Gold will adhere to any surface that has been exposed to tin chloride whether by accident (in a digestion of mixed metals) or by purpose (adding stannous chloride directly to the solution). I did an experiment where I dipped a plastic spoon in stannous chloride. I rinsed the spoon in clean water and wiped the spoon dry. I used the spoon to stir a gold chloride solution after adding SMB and the spoon came out with a beautiful, shiny gold plating. I found that if I stirred to hard, the gold would peel off into shiny flakes. I've seen members comment about having solid gold flakes in their gold drop and not understanding where the (gold foils) came from. Any metal film on the glass will cause the gold to precipitate on the glass. You can wash the glass in some warm AR solution to remove the film. 
Tin chloride will create fumes that will collect on any cool surface it touches. It looks like a white glaze on any exposed glassware in the vicinity. It can't be washed off, not even with AR solution because it is converted to tin oxide by the air. It has to be abraded off. Use the green Scotch-brite scrub pads along with the bon ami to really get it clean. The plastic will not scratch the glass.


----------



## MrCrusher (Jul 5, 2016)

Please enjoy Laughing at this one. :lol: 

I deserve it

Well my total impatience to make my first button has well most likely cost me a lot of time and wasted effort.
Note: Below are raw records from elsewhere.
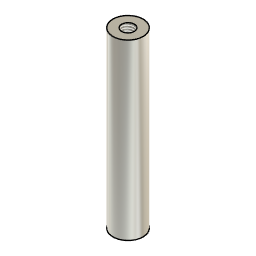
Aluminum Bar φ12 x 69.0mm (Autodesk Fusion 360 design; units mm, degrees)
Autodesk Fusion 360 part; units mm, degrees
sketch "スケッチ1" plane through (0, 0, 0) normal (0, 0, 1) x (1, 0, 0)
  circle A0 centre (0, 0) radius 6
  dimension "d1" = 12
  constraint coincident A0.centre origin
  measures "d1" diameter of A0
extrude "押し出し1" add sketch "スケッチ1" along normal blind 69
cylinder "円柱プリミティブ1" cut diameter 6 height -15 placed x (1, 0, 0) y (0, 1, 0) z (0, 0, 1) at (0, 0, 69)
thread "ねじ1" "ISO Metric profile 6.0 M6x1 6H" major diameter 6.147 minor diameter 5.035 pitch 1 angle 60 resizes the face on face at (2.9851, -0.2987, 59)
cylinder "円柱プリミティブ2" cut diameter 6 height -15 placed x (0, 1, 0) y (1, 0, 0) z (0, 0, -1) at (0, 0, 0)
thread "ねじ2" "ISO Metric profile 6.0 M6x1 6H" major diameter 6.147 minor diameter 5.035 pitch 1 angle 60 resizes the face on face at (-0.2987, 2.9851, 10)
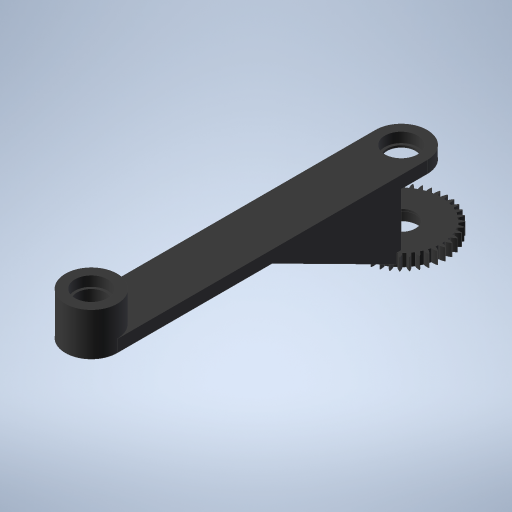
# Autodesk Inventor part: inner arm
Saved by Autodesk Inventor 2024 (Build 280153000, 153)
## iProperties
Created: 2024-04-04
Part Number: inner arm
Material: Generic
Document SubType Name: Modeling
Designer: drew
Density: 1 g/cm^3
Appearance: Default
Author: drew
Autodesk Inventor part; units mm, degrees
ref_plane "YZ Plane" through (0, 0, 0) normal (1, 0, 0) x (0, 1, 0)
ref_plane "XZ Plane" through (0, 0, 0) normal (0, 1, 0) x (-1, 0, 0)
ref_plane "XY Plane" through (0, 0, 0) normal (0, 0, 1) x (1, 0, 0)
sketch "Sketch1" plane through (0, 0, 0) normal (0, 1, 0) x (-1, 0, 0)
  line L0 (0, 76.2) -> (0, -76.2) construction
  line L1 (-12.7, 76.2) -> (-12.7, -76.2)
  line L2 (12.7, -76.2) -> (12.7, 76.2)
  arc A0 (12.7, 76.2) -> (-12.7, 76.2) centre (0, 76.2) ccw
  arc A1 (-12.7, -76.2) -> (12.7, -76.2) centre (0, -76.2) ccw
  circle A2 centre (0, -76.2) radius 7
  circle A3 centre (0, 76.2) radius 7
  point P0 (0, 0)
  dimension "d0" = 76.2
  dimension "d1" = 25.4
  dimension "d2" = 14
  dimension "d3" = 14
  constraints: 8 end point, 4 centre point, 4 point on circle, 4 tangent, 2 coincident, 1 midpoint, 1 parallel, 1 vertical
  measures "d0" distance of point (0, 0) L0.end
  measures "d1" diameter of A1
  measures "d2" diameter of A2
  measures "d3" diameter of A3
extrude "Extrusion1" add sketch "Sketch1" along normal blind 38.1
sketch "Sketch2" plane through (12.7, 0, 76.2) normal (1, 0, 0) x (0, 0, -1)
  line L0 (0, 0) -> (152.4, 0) projected
  line L1 (152.4, 0) -> (152.4, 38.1) projected
  line L2 (0, 38.1) -> (152.4, 38.1) projected
  line L3 (0, 0) -> (0, 38.1) projected
  line L4 (0, 0) -> (0, 0) projected
  line L5 (0, 0) -> (0, 38.1) projected
  line L6 (0, 38.1) -> (0, 38.1) projected
  line L7 (0, 0) -> (0, 38.1) projected
  line L8 (165.1, 0) -> (165.1, 38.1) projected
  line L9 (-12.7, 0) -> (-12.7, 38.1) projected
  line L10 (139.7, 38.1) -> (139.7, 0) construction
  line L11 (76.2, 38.1) -> (76.2, 0) construction
  line L12 (139.7, 0) -> (76.2, 32.1)
  line L13 (76.2, 32.1) -> (-12.7, 32.1)
  line L14 (-12.7, 0) -> (0, 0)
  dimension "d6" = 25.4
  dimension "d7" = 6
  constraints: 10 end point, 4 point on line, 2 perpendicular, 1 horizontal, 1 midpoint, 1 vertical
  measures "d6" distance between parallel lines of L8 L10
  measures "d7" distance from line of L2 L12.end
extrude "Extrusion2" cut sketch "Sketch2" against normal through all contours L3 L13 L12 L0 | L14 L9 L13 L3
sketch "Sketch3" plane through (0, 38.1, 0) normal (0, 1, 0) x (1, 0, 0)
  circle A0 centre (0, -76.2) radius 7 projected
  circle A1 centre (0, 76.2) radius 7 projected
  circle A2 centre (0, -76.2) radius 8.1
  circle A3 centre (0, 76.2) radius 8.1
  point P0 (0, 0)
  dimension "d10" = 16.2
  dimension "d11" = 16.2
  constraints: 2 centre point, 2 coincident
  measures "d10" diameter of A2
  measures "d11" diameter of A3
extrude "Extrusion3" cut sketch "Sketch3" against normal blind 5 contours A1 | A3
sketch "Sketch4" plane through (0, 0, 0) normal (0, -1, 0) x (1, 0, 0)
  circle A0 centre (0, -76.2) radius 8.1 projected
  point P0 (0, 0)
extrude "Extrusion4" cut sketch "Sketch4" against normal blind 5
sketch "Sketch5" plane through (12.7, 0, -76.2) normal (1, 0, 0) x (0, 0, -1)
  line L0 (-12.7, 6) -> (-12.7, 32.1)
  line L1 (-12.7, 32.1) -> (12.7, 32.1)
  line L2 (12.7, 32.1) -> (12.7, 6)
  line L3 (12.7, 6) -> (-12.7, 6)
  line L4 (-152.4, 38.1) -> (0, 38.1) projected
  line L5 (-12.7, 0) -> (0, 0) projected
  point P0 (-76.2, 0)
  dimension "d16" = 6
  dimension "d17" = 6
  dimension "d18" = 25.4
  constraints: 8 end point, 2 perpendicular, 1 parallel, 1 point on line, 1 vertical
  measures "d16" distance between parallel lines of L4 L1
  measures "d17" distance between parallel lines of L5 L3
  measures "d18" distance between parallel lines of L2 L0
extrude "Extrusion5" cut sketch "Sketch5" against normal blind 25.4
sketch "Sketch6" plane through (0, 0, 0) normal (1, 0, 0) x (0, 1, 0)
  line L0 (6, -63.5) -> (32.1, -63.5) projected
  line L1 (6, -76.2) -> (6, -88.9) projected
  line L2 (32.1, -59.69) -> (6, -59.69)
  line L3 (6, -59.69) -> (6, -76.2)
  line L4 (6, -76.2) -> (32.1, -76.2)
  line L5 (32.1, -76.2) -> (32.1, -59.69)
  line L6 (45.72, -76.2) -> (-7.62, -76.2) projected
  point P0 (0, 0)
  dimension "d21" = 16.51
  constraints: 8 end point, 2 parallel, 1 horizontal, 1 perpendicular
  measures "d21" distance between parallel lines of L4 L2
revolve "Revolution1" cut sketch "Sketch6" angle 360 about axis through (0, 38.1, -76.2) along (0, -1, 0)
sketch "Sketch7" plane through (0, 0, 0) normal (0, -1, 0) x (1, 0, 0)
  circle A0 centre (0, -76.2) radius 8.1 projected
  circle A1 centre (0, -76.2) radius 21.1667 construction
  line L0 (0, -76.2) -> (21.1667, -76.2) construction
  line L1 (21.1667, -76.2) -> (21.1667, -56.5953) construction
  line L2 (21.1667, -76.2) -> (24.3155, -84.8514) construction
  line L3 (0, -76.2) -> (18.6906, -69.3972) construction
  circle A2 centre (0, -76.2) radius 19.8902 construction
  arc A3 (18.6906, -69.3972) -> (16.411, -64.9618) centre (0, -76.2) ccw
  line L4 (16.411, -64.9618) -> (0, -76.2) construction
  line L5 (14.7298, -62.5067) -> (23.3265, -75.0604) construction
  arc A4 (19.6728, -73.2678) -> (18.6906, -69.3972) centre (0, -76.2) ccw
  line L6 (19.6728, -73.2678) -> (19.6728, -73.2678) construction
  line L7 (19.6728, -73.2678) -> (20.1504, -76.4718) construction
  arc A5 (19.888, -76.4964) -> (18.6906, -69.3972) centre (0, -76.2) ccw
  point P0 (0, 0)
  dimension "d23" = 42.3333
  dimension "d24" = 20
  dimension "d25" = 7.2394
  dimension "d28" = 5
  dimension "d29" = 12.2394
  dimension "d30" = 4
  dimension "d32" = 3.2394
  dimension "d33" = 7.2394
  constraints: 16 end point, 8 point on circle, 6 tangent, 5 point on line, 4 centre point, 4 coincident, 1 concentric, 1 horizontal, 1 horizontal alignment, 1 perpendicular, 1 vertical, 2 other
  measures "d24" angle of L1 L2
  measures "d25" distance of L0.end L3.end
  measures "d29" distance of L5.end L4.start
  measures "d32" distance of L6.end L7.end
sketch "Sketch8" plane through (0, 0, 0) normal (0, -1, 0) x (1, 0, 0)
  spline S0 degree 3 poles (23.3265, -75.0604) (21.8696, -76.156) (20.2087, -76.5115) (19.888, -76.4964) knots 0 0 0 0 1 1 1 1
  line L0 (0, -76.2) -> (21.4301, -75.6777) construction
  line L1 (19.888, -76.4964) -> (0, -76.2) construction
  spline S1 degree 3 poles (23.3543, -76.202) (21.8458, -75.1787) (20.1696, -74.9045) (19.8499, -74.9351) knots 0 0 0 0 1 1 1 1
  circle A0 centre (0, -76.2) radius 22.225
  line L2 (19.888, -76.4964) -> (19.638, -76.4927)
  arc A1 (19.638, -76.4927) -> (19.6343, -75.7215) centre (0, -76.2) ccw
  line L3 (19.8499, -74.9351) -> (19.6004, -74.951)
  arc A2 (19.6343, -75.7215) -> (19.6004, -74.951) centre (0, -76.2) ccw
  circle A3 centre (0, -76.2) radius 19.6402
  point P0 (0, 0)
  point P1 (21.1667, -76.2)
  point P2 (20.1504, -76.4718)
  point P3 (21.1415, -75.1689)
  point P4 (20.1132, -74.947)
  dimension "d34" = 2.25
  dimension "d35" = 44.45
  dimension "d36" = 0.25
  constraints: 8 end point, 5 symmetric about line, 4 centre point, 4 coincident, 4 point on circle, 2 point on line, 1 concentric, 9 other
  measures "d34" angle of L1 L0
  measures "d35" diameter of A0
  measures "d36" distance of L2.end L1.start
sketch "Sketch9" plane through (0, 0, 0) normal (0, -1, 0) x (1, 0, 0)
  circle A0 centre (0, -76.2) radius 19.6402 projected
  circle A1 centre (0, -76.2) radius 8.1 projected
  point P0 (0, 0)
extrude "Extrusion6" add sketch "Sketch9" against normal up to surface (6 mm away)
sketch "Sketch10" plane through (0, 0, -76.2) normal (0, -1, 0) x (1, 0, 0)
  spline S0 degree 3 poles (23.3543, -0.002) (21.8458, 1.0213) (20.1696, 1.2955) (19.8499, 1.2649) knots 0 0 0 0 1 1 1 1 projected
  line L0 (19.8499, 1.2649) -> (19.6004, 1.249) projected
  arc A0 (19.6343, 0.4785) -> (19.6004, 1.249) centre (0, 0) ccw projected
  arc A1 (19.638, -0.2927) -> (19.6343, 0.4785) centre (0, 0) ccw projected
  spline S1 degree 3 poles (23.3265, 1.1396) (21.8696, 0.044) (20.2087, -0.3115) (19.888, -0.2964) knots 0 0 0 0 1 1 1 1 projected
  circle A2 centre (0, 0) radius 22.225 projected
  line L1 (19.888, -0.2964) -> (0, 0) construction
  line L2 (19.638, -0.2927) -> (19.888, -0.2964)
  point P0 (0, 76.2)
  point P1 (22.2204, 0.4513)
  point P2 (22.216, 0.6317)
  constraints: 2 end point
extrude "Extrusion7" add sketch "Sketch10" against normal up to surface (6 mm away) contours A2 S1 L2 A1 A0 L0 S0 picked at (21.3131, 0.5294)
pattern_circular "Circular Pattern1" count 40 over 360 about axis through (0, 38.1, -76.2) along (0, -1, 0) of "Extrusion7"
sketch "Sketch11" plane through (0, 38.1, 0) normal (0, 1, 0) x (1, 0, 0)
  circle A0 centre (0, -76.2) radius 7 projected
  arc A1 (-12.7, -76.2) -> (12.7, -76.2) centre (0, -76.2) ccw projected
  circle A2 centre (0, -76.2) radius 12.7
  point P0 (0, 0)
  point P1 (12.7, -76.2)
  constraints: 1 coincident, 3 other
extrude "Extrusion8" add sketch "Sketch11" along normal blind 15
sketch "Sketch12" plane through (0, 53.1, 76.2) normal (0, 1, 0) x (1, 0, 0)
  circle A0 centre (0, 0) radius 7 projected
  circle A1 centre (0, 0) radius 8.1
  point P0 (0, 76.2)
  dimension "d46" = 16.2
  constraints: 1 centre point, 1 coincident
  measures "d46" diameter of A1
extrude "Extrusion9" cut sketch "Sketch12" against normal blind 5
sketch "Sketch13" plane through (12.7, 32.1, 0) normal (0, -1, 0) x (1, 0, 0)
  circle A0 centre (-12.7, 76.2) radius 8.1 projected
  circle A1 centre (-12.7, 76.2) radius 7 projected
  point P0 (-12.7, 0)
extrude "Extrusion10" cut sketch "Sketch13" against normal blind 5
equation "\"d29\" = d25 + d28"
equation "\"d32\" = d25 - d30"
equation "\"d33\" = d25"
equation "\"d35\" = dia + 2 * mod"
equation "\"mod\" = 1.05833"
equation "\"dia\" = 42.33333"
body "Solid1"

Now for the funny part ( note I am not laughing  yet, myself, but in years to come I am sure I will )

The 2 crucibles I got both cracked trying to season them. I was desperate and have heard you could melt gold in a potato. I went and got a potato. BIG MISTAKE. I did manage to get a nugget done. However I now have a potato with well lets say beautiful gold specks all through it. 

I sort of hate to ask but has anyone else ever been this stupid? Err let me rephrase. Has anyone else made this mistake and how did you recover the gold from the potato? Considering how hard these things are to burn I think incineration is out of the question. The only thing I can think of is to let it sit out and dehydrate, then I may be able to burn it.

Since I have no idea what would happen if I tried to put this in any acids I would not think of trying that one. Unless some one here more experienced then me has a known way to process this gold out of the potato.

I would post a pic of the nugget I did manage to make but my phone just wont get a picture worth looking at. It did weigh in at 24.4 grams but has some residue on it I still need to remove. I am sure once I get a "Good" crucible I will re-melt this.

Also for torch melting does anyone have a recommended crucible I should use. One that is durable and worth having?

Thanx
Mr_Crusher


----------



## Topher_osAUrus (Jul 5, 2016)

Sulfuric will eat up the potato quite well i think.

Or maybe cut out the gold layden portion of your sparkly spud letting it dehydrate as much as possible, then maybe separate with water, as potato is mainly starch it should be fairly easy to get it into water with the gold of course staying on bottom.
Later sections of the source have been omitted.